# Racking Skeeter Pee to Carboy, Please Clarify



## kzacherl2000 (Aug 1, 2012)

Hello, Making first batch of Skeeter Pee and trying not to mess it up. I have cut and pasted recipe from SP Web site below. I am just not sure if I am really supposed to rack it to a carboy three times. Can someone please clarify my below questions in red? Much appreciated.

Periodically check the gravity. When it gets down to around 1.050, add the other 3 tsp of nutrient the second tsp of energizer, and the last bottle of lemon juice; vigorously mix it in. Don’t be afraid to introduce some oxygen to the mix at the same time. This late addition of yeast food and oxygen helps reduce the likelihood of your batch developing a sulfur-dioxide problem. (Because of the high acidity and low nutrition, lemon has a higher propensity to developing the sulfur-dioxide rotten egg smell.) After a couple of days, you can rack into a clean, sanitized carboy. So, I rack it to the carboy a few days after I add the above lemon juice, energizer, etc.?

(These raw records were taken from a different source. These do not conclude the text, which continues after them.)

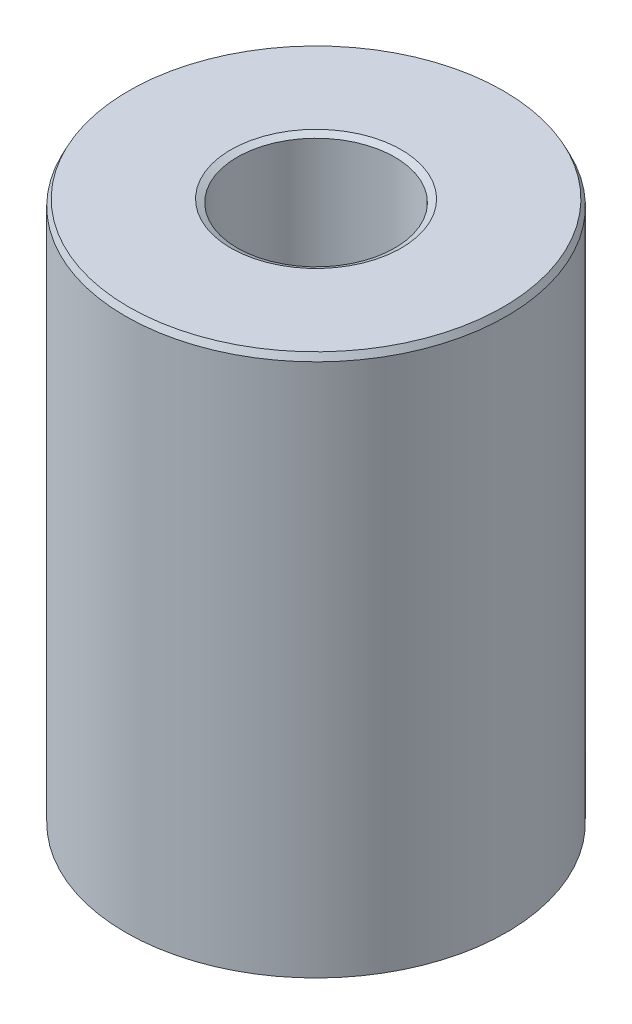
from build123d import *
from OCP.BRepFilletAPI import BRepFilletAPI_MakeChamfer

# Parameters (mm, degrees)
SKETCH1_R           = 35
BOSS_EXTRUDE1_DEPTH = 99.829936474
SKETCH2_R           = 14.477135886
CUT_EXTRUDE1_DEPTH  = 112.427178985
CHAMFER1_SIZE       = 1.188111142
CHAMFER1_SIZE2      = 0.58074138


with BuildPart() as part:
    # Sketch1 → Boss-Extrude1 (new body)
    with BuildSketch(Plane(origin=(0, 0, 0), x_dir=(1, 0, 0), z_dir=(0, 1, 0))):
        Circle(SKETCH1_R)
    extrude(amount=BOSS_EXTRUDE1_DEPTH)

    # Sketch2 → Cut-Extrude1 (cut, through all)
    with BuildSketch(Plane(origin=(0, 0, 0), x_dir=(1, 0, 0), z_dir=(0, 1, 0))):
        Circle(SKETCH2_R)
    extrude(amount=CUT_EXTRUDE1_DEPTH, mode=Mode.SUBTRACT)

    # Chamfer1: one chamfer whose edges measure the first distance from different faces: ONE call of the kernel's chamfer builder (chamfer() names one face for all edges)
    chamfer1_edges_1 = [part.edges().sort_by_distance(p)[0] for p in [
        (-14.477135886, 99.829936474, 0),
    ]]
    chamfer1_side_1 = [part.faces().sort_by_distance(p)[0] for p in [
        (-34.010050506, 99.829936474, 0),
    ]]
    chamfer1_edges_2 = [part.edges().sort_by_distance(p)[0] for p in [
        (-14.477135886, 0, 0),
    ]]
    chamfer1_side_2 = [part.faces().sort_by_distance(p)[0] for p in [
        (-14.477135886, 49.914968237, 0),
    ]]
    chamfer1_edges_3 = [part.edges().sort_by_distance(p)[0] for p in [
        (-35, 0, 0),
    ]]
    chamfer1_side_3 = [part.faces().sort_by_distance(p)[0] for p in [
        (-34.010050506, 0, 0),
    ]]
    chamfer1_edges_4 = [part.edges().sort_by_distance(p)[0] for p in [
        (-35, 99.829936474, 0),
    ]]
    chamfer1_side_4 = [part.faces().sort_by_distance(p)[0] for p in [
        (-35, 49.914968237, 0),
    ]]
    chamfer1 = BRepFilletAPI_MakeChamfer(part.part.solid().wrapped)
    for e in chamfer1_edges_1:
        chamfer1.Add(CHAMFER1_SIZE, CHAMFER1_SIZE2, e.wrapped, chamfer1_side_1[0].wrapped)  # the first distance lies on this face
    for e in chamfer1_edges_2:
        chamfer1.Add(CHAMFER1_SIZE, CHAMFER1_SIZE2, e.wrapped, chamfer1_side_2[0].wrapped)  # the first distance lies on this face
    for e in chamfer1_edges_3:
        chamfer1.Add(CHAMFER1_SIZE, CHAMFER1_SIZE2, e.wrapped, chamfer1_side_3[0].wrapped)  # the first distance lies on this face
    for e in chamfer1_edges_4:
        chamfer1.Add(CHAMFER1_SIZE, CHAMFER1_SIZE2, e.wrapped, chamfer1_side_4[0].wrapped)  # the first distance lies on this face
    add(Compound.cast(chamfer1.Shape()), mode=Mode.REPLACE)


solid = part.part
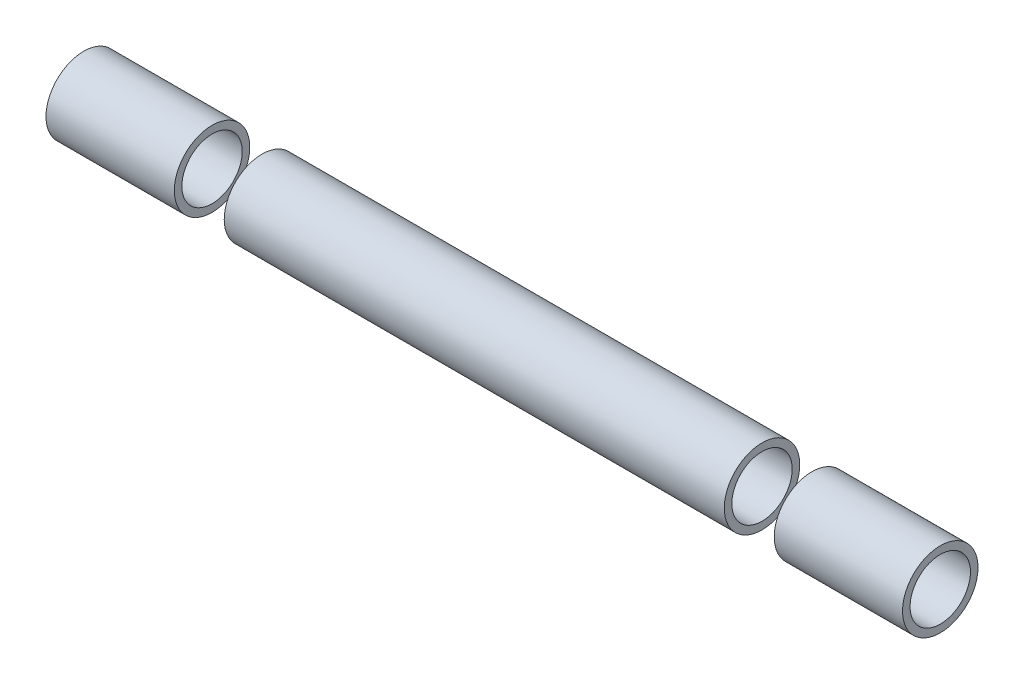
from build123d import *

# Parameters (mm, degrees)
SKETCH1_R               = 15.875
SKETCH1_R_2             = 12.7
EXTRUDE_THIN1_DEPTH     = 180.1495
CUT_EXTRUDE1_DEPTH      = 182.543035119
CUT_EXTRUDE1_DEPTH_BACK = 182.543035119
SKETCH2_W               = 20.99999991
SKETCH2_H               = 31.75


with BuildPart() as part:
    # Sketch1 → Extrude-Thin1 (new, symmetric)
    with BuildSketch(Plane(origin=(0, 0, 0), x_dir=(0, 0, -1), z_dir=(1, 0, 0))):
        Circle(SKETCH1_R)
        Circle(SKETCH1_R_2, mode=Mode.SUBTRACT)
    extrude(amount=EXTRUDE_THIN1_DEPTH, both=True)

    # Sketch2 → Cut-Extrude1 (cut, two sides: drawn at the far end of the back side and taken through both)
    with BuildSketch(Plane.XY.offset(-CUT_EXTRUDE1_DEPTH_BACK)):
        with Locations((115.674500045, 0)):
            Rectangle(SKETCH2_W, SKETCH2_H)
        with Locations((-115.674500045, 0)):
            Rectangle(SKETCH2_W, SKETCH2_H)
    extrude(amount=CUT_EXTRUDE1_DEPTH + CUT_EXTRUDE1_DEPTH_BACK, mode=Mode.SUBTRACT)


with BuildPart() as cut_extrude1_piece_1:
    # of the separate pieces the step leaves, piece 1, a body of its own (cut_extrude1_pieces)
    add(part.part.solids().sort_by_distance((-105.17450009, 0, -15.875))[0])


with BuildPart() as cut_extrude1_piece_2:
    # of the separate pieces the step leaves, piece 2, a body of its own (cut_extrude1_pieces)
    add(part.part.solids().sort_by_distance((126.1745, 0, -15.875))[0])


with BuildPart() as cut_extrude1_piece_3:
    # of the separate pieces the step leaves, piece 3, a body of its own (cut_extrude1_pieces)
    add(part.part.solids().sort_by_distance((-180.1495, 0, -15.875))[0])


solid = Compound([cut_extrude1_piece_1.part, cut_extrude1_piece_2.part, cut_extrude1_piece_3.part])

Allow the Pee to ferment dry and for fermentation to stop (SG between 0.998 and 0.995). Rack into a clean, sanitized carboy. So, I rack it to a second carboy after the fermentation stops? This is the second racking? Give the batch a quick degas (use agitation and vacuum if you have the equipment). Add 1/2 tsp Kmeta, 2 1/2 tsp sorbate, and Sparkolliod (follow directions on the package). After two weeks, the Skeeter Pee should be crystal clear. Rack into a clean, sanitized carboy, So, this is racked to a carboy a third time? add 6 cups sugar, and stir to dissolve. Wait two weeks to be sure no new fermentation begins and bottle.


----------



## tonyandkory (Aug 1, 2012)

yep ... you did understand correctly ... you don't have to follow the recipe exactly ... my last batch I fermented dry before I even went to secondary, I k-meta and sorbated then clarified. so when I racked to second carboy it was for filtering then bottling.


----------



## kzacherl2000 (Aug 1, 2012)

Thank you, Kim


----------



## kzacherl2000 (Aug 2, 2012)

I do have another question. I have now added the yeast slurry. The recipe does not indicate if it should still be covered by a towel at this point, or the lid and bung/air lock? I just re-covered it with 1/2 the lid in the back, and draped the towel in the front. Can anyone comment on this, please? If it is supposed to be lid with bung/air lock, I need to change it! Thanks


----------



## Arne (Aug 2, 2012)

Here again you can do it either way. I usually just put a towel over it and set the lid on top of that. For a while I had to snap the lid on. The wife got a new kitten and the lid fastened down kept him out. He has grown a bit now and I am back to the towel with the lid placed on top. It is easier to stir the must if you do not have to unsnap the lid. Good luck with it. Arne.


----------



## Boatboy24 (Aug 2, 2012)

kzacherl2000 said:


> I do have another question. I have now added the yeast slurry. The recipe does not indicate if it should still be covered by a towel at this point, or the lid and bung/air lock? I just re-covered it with 1/2 the lid in the back, and draped the towel in the front. Can anyone comment on this, please? If it is supposed to be lid with bung/air lock, I need to change it! Thanks



You should be fine that way. Simply laying the lid on top (without locking it down) should be sufficient. If there is a hole for an airlock, just cover that with a small cloth to keep dust, etc from getting into your must. When you transfer to secondary, use the airlock.


----------



## kzacherl2000 (Aug 2, 2012)

Thank you very much!!! Arne and Boatboy!!! Kim Z.


----------



## Bobp (Aug 3, 2012)

I use cheese cloth on my primarys... a full yard folded, and some elastic my wife picked up for me at a hobby store... works great... breaths well, and best of all never any chance of fruit flies imparting the dreaded vinegar yeasts... or dust or anything else..lol when i rack to a carboy, i use bungs and airlocks... safest way to go... and keep the airlocks with vodka, or k-meta water in them...


----------